Stored entries:
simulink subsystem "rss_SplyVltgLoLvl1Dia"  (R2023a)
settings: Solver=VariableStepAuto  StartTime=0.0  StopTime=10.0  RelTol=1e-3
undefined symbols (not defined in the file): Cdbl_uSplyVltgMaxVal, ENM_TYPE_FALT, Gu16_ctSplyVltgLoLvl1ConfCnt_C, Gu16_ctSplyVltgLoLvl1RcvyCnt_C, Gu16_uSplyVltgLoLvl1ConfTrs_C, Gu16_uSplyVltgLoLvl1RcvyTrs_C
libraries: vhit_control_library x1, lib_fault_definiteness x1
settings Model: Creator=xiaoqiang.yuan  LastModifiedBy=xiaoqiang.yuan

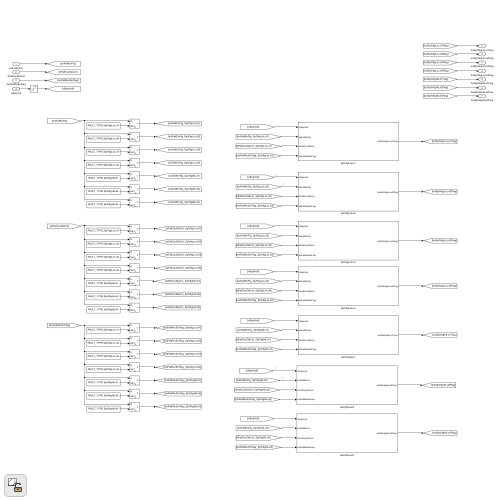
[thumbnail: Simulink's stored preview of the top-level diagram]
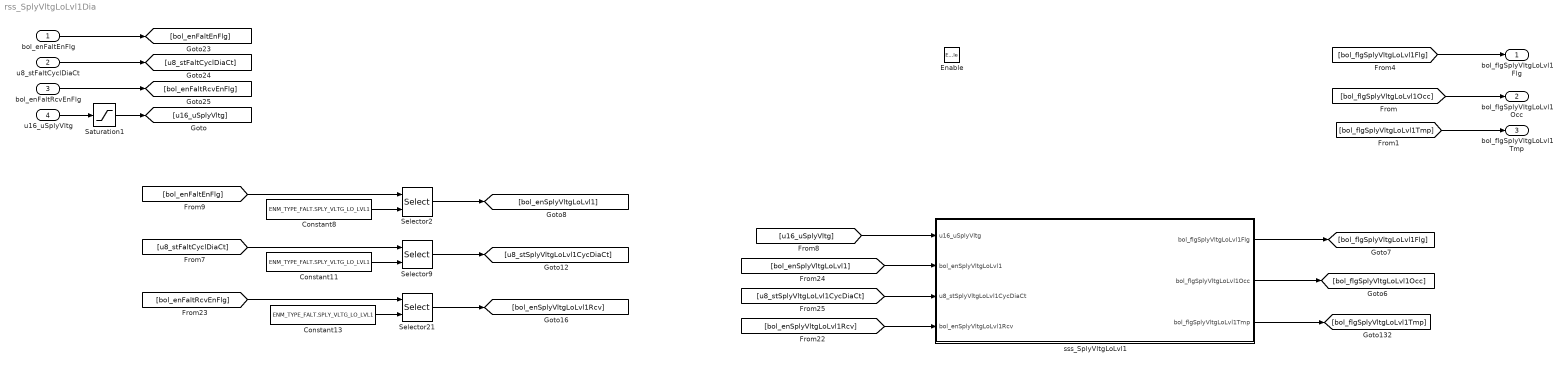
== system rss_SplyVltgLoLvl1Dia ==
  bol_enFaltEnFlg : Inport  OutDataTypeStr=boolean
  u8_stFaltCyclDiaCt : Inport  Port=2  OutDataTypeStr=uint8
  bol_enFaltRcvEnFlg : Inport  Port=3  OutDataTypeStr=boolean
  u16_uSplyVltg : Inport  Port=4  OutDataTypeStr=dt_Standardize_u16p15b0
  Enable : EnablePort
  Constant11 : Constant  Value=ENM_TYPE_FALT.SPLY_VLTG_LO_LVL1
  Constant13 : Constant  Value=ENM_TYPE_FALT.SPLY_VLTG_LO_LVL1
  Constant8 : Constant  Value=ENM_TYPE_FALT.SPLY_VLTG_LO_LVL1
  Saturation1 : Saturate  UpperLimit=Cdbl_uSplyVltgMaxVal  LowerLimit=0
  Selector2 : Selector  IndexMode=Zero-based  InputPortWidth=Cdbl_numFaltDiaNum  IndexOptions=Index vector (port)  Indices=[1 3]  OutputSizes=1
  Selector21 : Selector  IndexMode=Zero-based  InputPortWidth=Cdbl_numFaltDiaNum  IndexOptions=Index vector (port)  Indices=[1 3]  OutputSizes=1
  Selector9 : Selector  IndexMode=Zero-based  InputPortWidth=Cdbl_numFaltDiaNum  IndexOptions=Index vector (port)  Indices=[1 3]  OutputSizes=1
  sss_SplyVltgLoLvl1 : Subsystem
  bol_flgSplyVltgLoLvl1Flg : Outport  OutDataTypeStr=boolean
  bol_flgSplyVltgLoLvl1Occ : Outport  Port=2  OutDataTypeStr=boolean
  bol_flgSplyVltgLoLvl1Tmp : Outport  Port=3  OutDataTypeStr=boolean
  wires:
  [bol_flgSplyVltgLoLvl1Flg] -> bol_flgSplyVltgLoLvl1Flg/1
  [u8_stSplyVltgLoLvl1CycDiaCt] -> sss_SplyVltgLoLvl1/3(u8_stSplyVltgLoLvl1CycDiaCt)
  [u16_uSplyVltg] -> sss_SplyVltgLoLvl1/1(u16_uSplyVltg)
  [bol_enSplyVltgLoLvl1Rcv] -> sss_SplyVltgLoLvl1/4(bol_enSplyVltgLoLvl1Rcv)
  Constant8/1 -> Selector2/2
  sss_SplyVltgLoLvl1/1(bol_flgSplyVltgLoLvl1Flg) -> [bol_flgSplyVltgLoLvl1Flg]
  [bol_enSplyVltgLoLvl1] -> sss_SplyVltgLoLvl1/2(bol_enSplyVltgLoLvl1)
  Selector2/1 -> [bol_enSplyVltgLoLvl1]
  [bol_enFaltEnFlg] -> Selector2/1
  bol_enFaltEnFlg/1 -> [bol_enFaltEnFlg]
  bol_enFaltRcvEnFlg/1 -> [bol_enFaltRcvEnFlg]
  u8_stFaltCyclDiaCt/1 -> [u8_stFaltCyclDiaCt]
  Selector9/1 -> [u8_stSplyVltgLoLvl1CycDiaCt]
  Constant11/1 -> Selector9/2
  [u8_stFaltCyclDiaCt] -> Selector9/1
  Constant13/1 -> Selector21/2
  Selector21/1 -> [bol_enSplyVltgLoLvl1Rcv]
  u16_uSplyVltg/1 -> Saturation1/1
  Saturation1/1 -> [u16_uSplyVltg]
  [bol_enFaltRcvEnFlg] -> Selector21/1
  sss_SplyVltgLoLvl1/2(bol_flgSplyVltgLoLvl1Occ) -> [bol_flgSplyVltgLoLvl1Occ]
  [bol_flgSplyVltgLoLvl1Occ] -> bol_flgSplyVltgLoLvl1Occ/1
  [bol_flgSplyVltgLoLvl1Tmp] -> bol_flgSplyVltgLoLvl1Tmp/1
  sss_SplyVltgLoLvl1/3(bol_flgSplyVltgLoLvl1Tmp) -> [bol_flgSplyVltgLoLvl1Tmp]

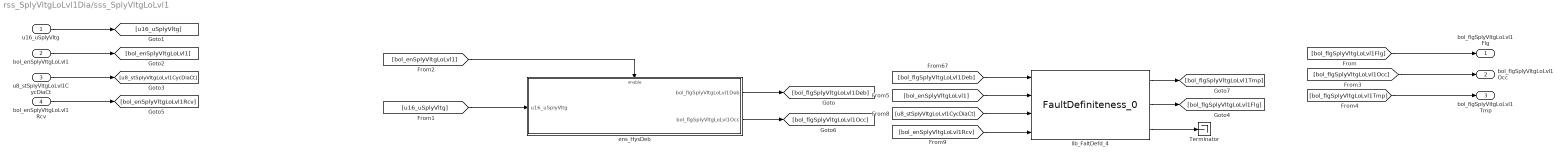
== system rss_SplyVltgLoLvl1Dia/sss_SplyVltgLoLvl1 ==
  u16_uSplyVltg : Inport
  bol_enSplyVltgLoLvl1 : Inport  Port=2
  u8_stSplyVltgLoLvl1CycDiaCt : Inport  Port=3
  bol_enSplyVltgLoLvl1Rcv : Inport  Port=4
  Terminator : Terminator
  ens_HysDeb : Subsystem
  lib_FaltDefd_4 : lib_fault_definiteness/FaultDefiniteness_0  lb_FaltWaitRecvCnt=Gu16_ctSplyVltgLoLvl1ConfCnt_C
  bol_flgSplyVltgLoLvl1Flg : Outport
  bol_flgSplyVltgLoLvl1Occ : Outport  Port=2
  bol_flgSplyVltgLoLvl1Tmp : Outport  Port=3
  wires:
  [bol_flgSplyVltgLoLvl1Tmp] -> bol_flgSplyVltgLoLvl1Tmp/1
  [bol_flgSplyVltgLoLvl1Occ] -> bol_flgSplyVltgLoLvl1Occ/1
  ens_HysDeb/2(bol_flgSplyVltgLoLvl1Occ) -> [bol_flgSplyVltgLoLvl1Occ]
  lib_FaltDefd_4/1 -> [bol_flgSplyVltgLoLvl1Tmp]
  lib_FaltDefd_4/2 -> [bol_flgSplyVltgLoLvl1Flg]
  lib_FaltDefd_4/3 -> Terminator/1
  [bol_enSplyVltgLoLvl1] -> ens_HysDeb/Enable
  [u16_uSplyVltg] -> ens_HysDeb/1(u16_uSplyVltg)
  ens_HysDeb/1(bol_flgSplyVltgLoLvl1Deb) -> [bol_flgSplyVltgLoLvl1Deb]
  bol_enSplyVltgLoLvl1Rcv/1 -> [bol_enSplyVltgLoLvl1Rcv]
  u8_stSplyVltgLoLvl1CycDiaCt/1 -> [u8_stSplyVltgLoLvl1CycDiaCt]
  bol_enSplyVltgLoLvl1/1 -> [bol_enSplyVltgLoLvl1]
  [bol_flgSplyVltgLoLvl1Flg] -> bol_flgSplyVltgLoLvl1Flg/1
  u16_uSplyVltg/1 -> [u16_uSplyVltg]
  [bol_enSplyVltgLoLvl1Rcv] -> lib_FaltDefd_4/4
  [u8_stSplyVltgLoLvl1CycDiaCt] -> lib_FaltDefd_4/3
  [bol_enSplyVltgLoLvl1] -> lib_FaltDefd_4/2
  [bol_flgSplyVltgLoLvl1Deb] -> lib_FaltDefd_4/1

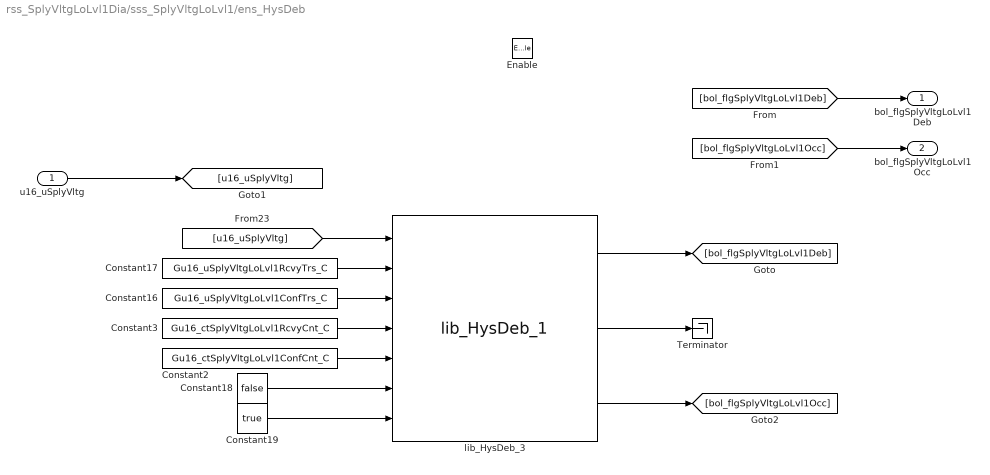
== system rss_SplyVltgLoLvl1Dia/sss_SplyVltgLoLvl1/ens_HysDeb ==
  u16_uSplyVltg : Inport
  Enable : EnablePort
  Constant16 : Constant  Value=Gu16_uSplyVltgLoLvl1ConfTrs_C
  Constant17 : Constant  Value=Gu16_uSplyVltgLoLvl1RcvyTrs_C
  Constant18 : Constant  Value=false  OutDataTypeStr=boolean
  Constant19 : Constant  Value=true  OutDataTypeStr=boolean
  Constant2 : Constant  Value=Gu16_ctSplyVltgLoLvl1ConfCnt_C
  Constant3 : Constant  Value=Gu16_ctSplyVltgLoLvl1RcvyCnt_C
  Terminator : Terminator
  lib_HysDeb_3 : vhit_control_library/lib_HysDeb_1  lb_parInitOutp=0
  bol_flgSplyVltgLoLvl1Deb : Outport
  bol_flgSplyVltgLoLvl1Occ : Outport  Port=2
  wires:
  [bol_flgSplyVltgLoLvl1Occ] -> bol_flgSplyVltgLoLvl1Occ/1
  lib_HysDeb_3/3 -> [bol_flgSplyVltgLoLvl1Occ]
  lib_HysDeb_3/2 -> Terminator/1
  Constant17/1 -> lib_HysDeb_3/2
  Constant16/1 -> lib_HysDeb_3/3
  Constant3/1 -> lib_HysDeb_3/4
  Constant2/1 -> lib_HysDeb_3/5
  lib_HysDeb_3/1 -> [bol_flgSplyVltgLoLvl1Deb]
  Constant19/1 -> lib_HysDeb_3/7
  Constant18/1 -> lib_HysDeb_3/6
  [u16_uSplyVltg] -> lib_HysDeb_3/1
  u16_uSplyVltg/1 -> [u16_uSplyVltg]
  [bol_flgSplyVltgLoLvl1Deb] -> bol_flgSplyVltgLoLvl1Deb/1
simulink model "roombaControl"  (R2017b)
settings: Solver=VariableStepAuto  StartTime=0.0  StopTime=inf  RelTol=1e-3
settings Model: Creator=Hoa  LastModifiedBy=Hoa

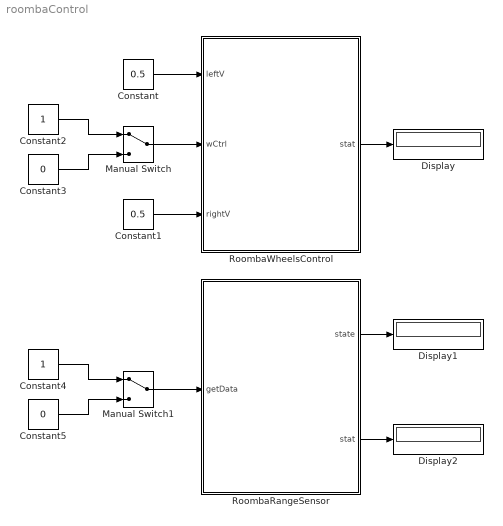
== system roombaControl ==
  Constant : Constant  Value=0.5
  Constant1 : Constant  Value=0.5
  Constant2 : Constant
  Constant3 : Constant  Value=0
  Constant4 : Constant
  Constant5 : Constant  Value=0
  Display : Display
  Display1 : Display
  Display2 : Display
  Manual Switch : ManualSwitch
  Manual Switch1 : ManualSwitch
  RoombaRangeSensor : Subsystem
  RoombaWheelsControl : Subsystem
  wires:
  Constant/1 -> RoombaWheelsControl/1(leftV)
  Constant1/1 -> RoombaWheelsControl/3(rightV)
  Manual Switch/1 -> RoombaWheelsControl/2(wCtrl)
  Constant2/1 -> Manual Switch/1
  Constant3/1 -> Manual Switch/2
  RoombaWheelsControl/1(stat) -> Display/1
  Constant5/1 -> Manual Switch1/2
  Constant4/1 -> Manual Switch1/1
  Manual Switch1/1 -> RoombaRangeSensor/1(getData)
  RoombaRangeSensor/1(state) -> Display1/1
  RoombaRangeSensor/2(stat) -> Display2/1

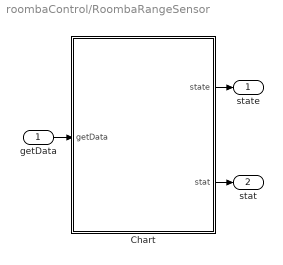
== system roombaControl/RoombaRangeSensor ==
  getData : Inport
  Chart : Stateflow chart  TreatAsAtomicUnit=on
  state : Outport
  stat : Outport  Port=2
  wires:
  getData/1 -> Chart/1(getData)
  Chart/1(state) -> state/1
  Chart/2(stat) -> stat/1

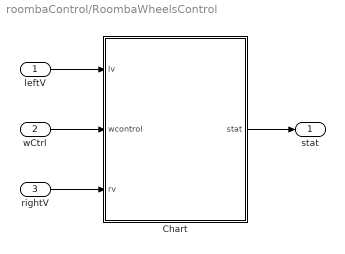
== system roombaControl/RoombaWheelsControl ==
  leftV : Inport
  wCtrl : Inport  Port=2
  rightV : Inport  Port=3
  Chart : Stateflow chart  TreatAsAtomicUnit=on
  stat : Outport
  wires:
  Chart/1(stat) -> stat/1
  wCtrl/1 -> Chart/2(wcontrol)
  leftV/1 -> Chart/1(lv)
  rightV/1 -> Chart/3(rv)

== stateflow chart roombaControl/RoombaRangeSensor/Chart ==
  state NO_OP
    en:
    stat = 0;
  state Reset
    en:
    fwrite(so, 7)
  state START
    en:
    coder.extrinsic('RangeStateRoomba')
    state = RangeStateRoomba('so')
    stat = 1;
  (default) -> NO_OP : {
      | 	coder.extrinsic('RoombaWiFiInit')
      | 	so = RoombaWiFiInit('10.0.0.1','full')
      | }
  Reset -> NO_OP : after(0.1,sec)
  NO_OP -> START : [getData==1]
  START -> Reset : [getData==0]
  data: state output double size=6; stat output; so local; getData input

== stateflow chart roombaControl/RoombaWheelsControl/Chart ==
  state NO_OP
    en:
    stat = 0;
  note: after(1,sec)
  state RESET
    en:
    fwrite(so,7)
  state STOP
    en:
    SetWheelVelRoomba(so,0,0)
  state START
    en:
    coder.extrinsic('SetWheelVelRoomba')
    SetWheelVelRoomba(so,rv,lv)
    stat = 1;
  (default) -> NO_OP : {
      | 	coder.extrinsic('RoombaWiFiInit')
      | 	so = RoombaWiFiInit('10.0.0.1','full')
      | }
  RESET -> NO_OP
  NO_OP -> START : [(wcontrol==1)&&(rv<=0.5||rv>=-0.5)&&(lv<=0.5||lv>=-0.5)]
  STOP -> RESET : [wcontrol==0]
  START -> STOP : after(0.1,sec)
  data: so local; lv input; wcontrol input; rv input; stat output

**Work to complete:** Lines from the start of the entries through the one containing "undefined symbols (not" are to be set down again exactly, both ends included.

**Solution for this exercise:**
simulink subsystem "rss_SplyVltgLoLvl1Dia"  (R2023a)
settings: Solver=VariableStepAuto  StartTime=0.0  StopTime=10.0  RelTol=1e-3
undefined symbols (not defined in the file): Cdbl_uSplyVltgMaxVal, ENM_TYPE_FALT, Gu16_ctSplyVltgLoLvl1ConfCnt_C, Gu16_ctSplyVltgLoLvl1RcvyCnt_C, Gu16_uSplyVltgLoLvl1ConfTrs_C, Gu16_uSplyVltgLoLvl1RcvyTrs_C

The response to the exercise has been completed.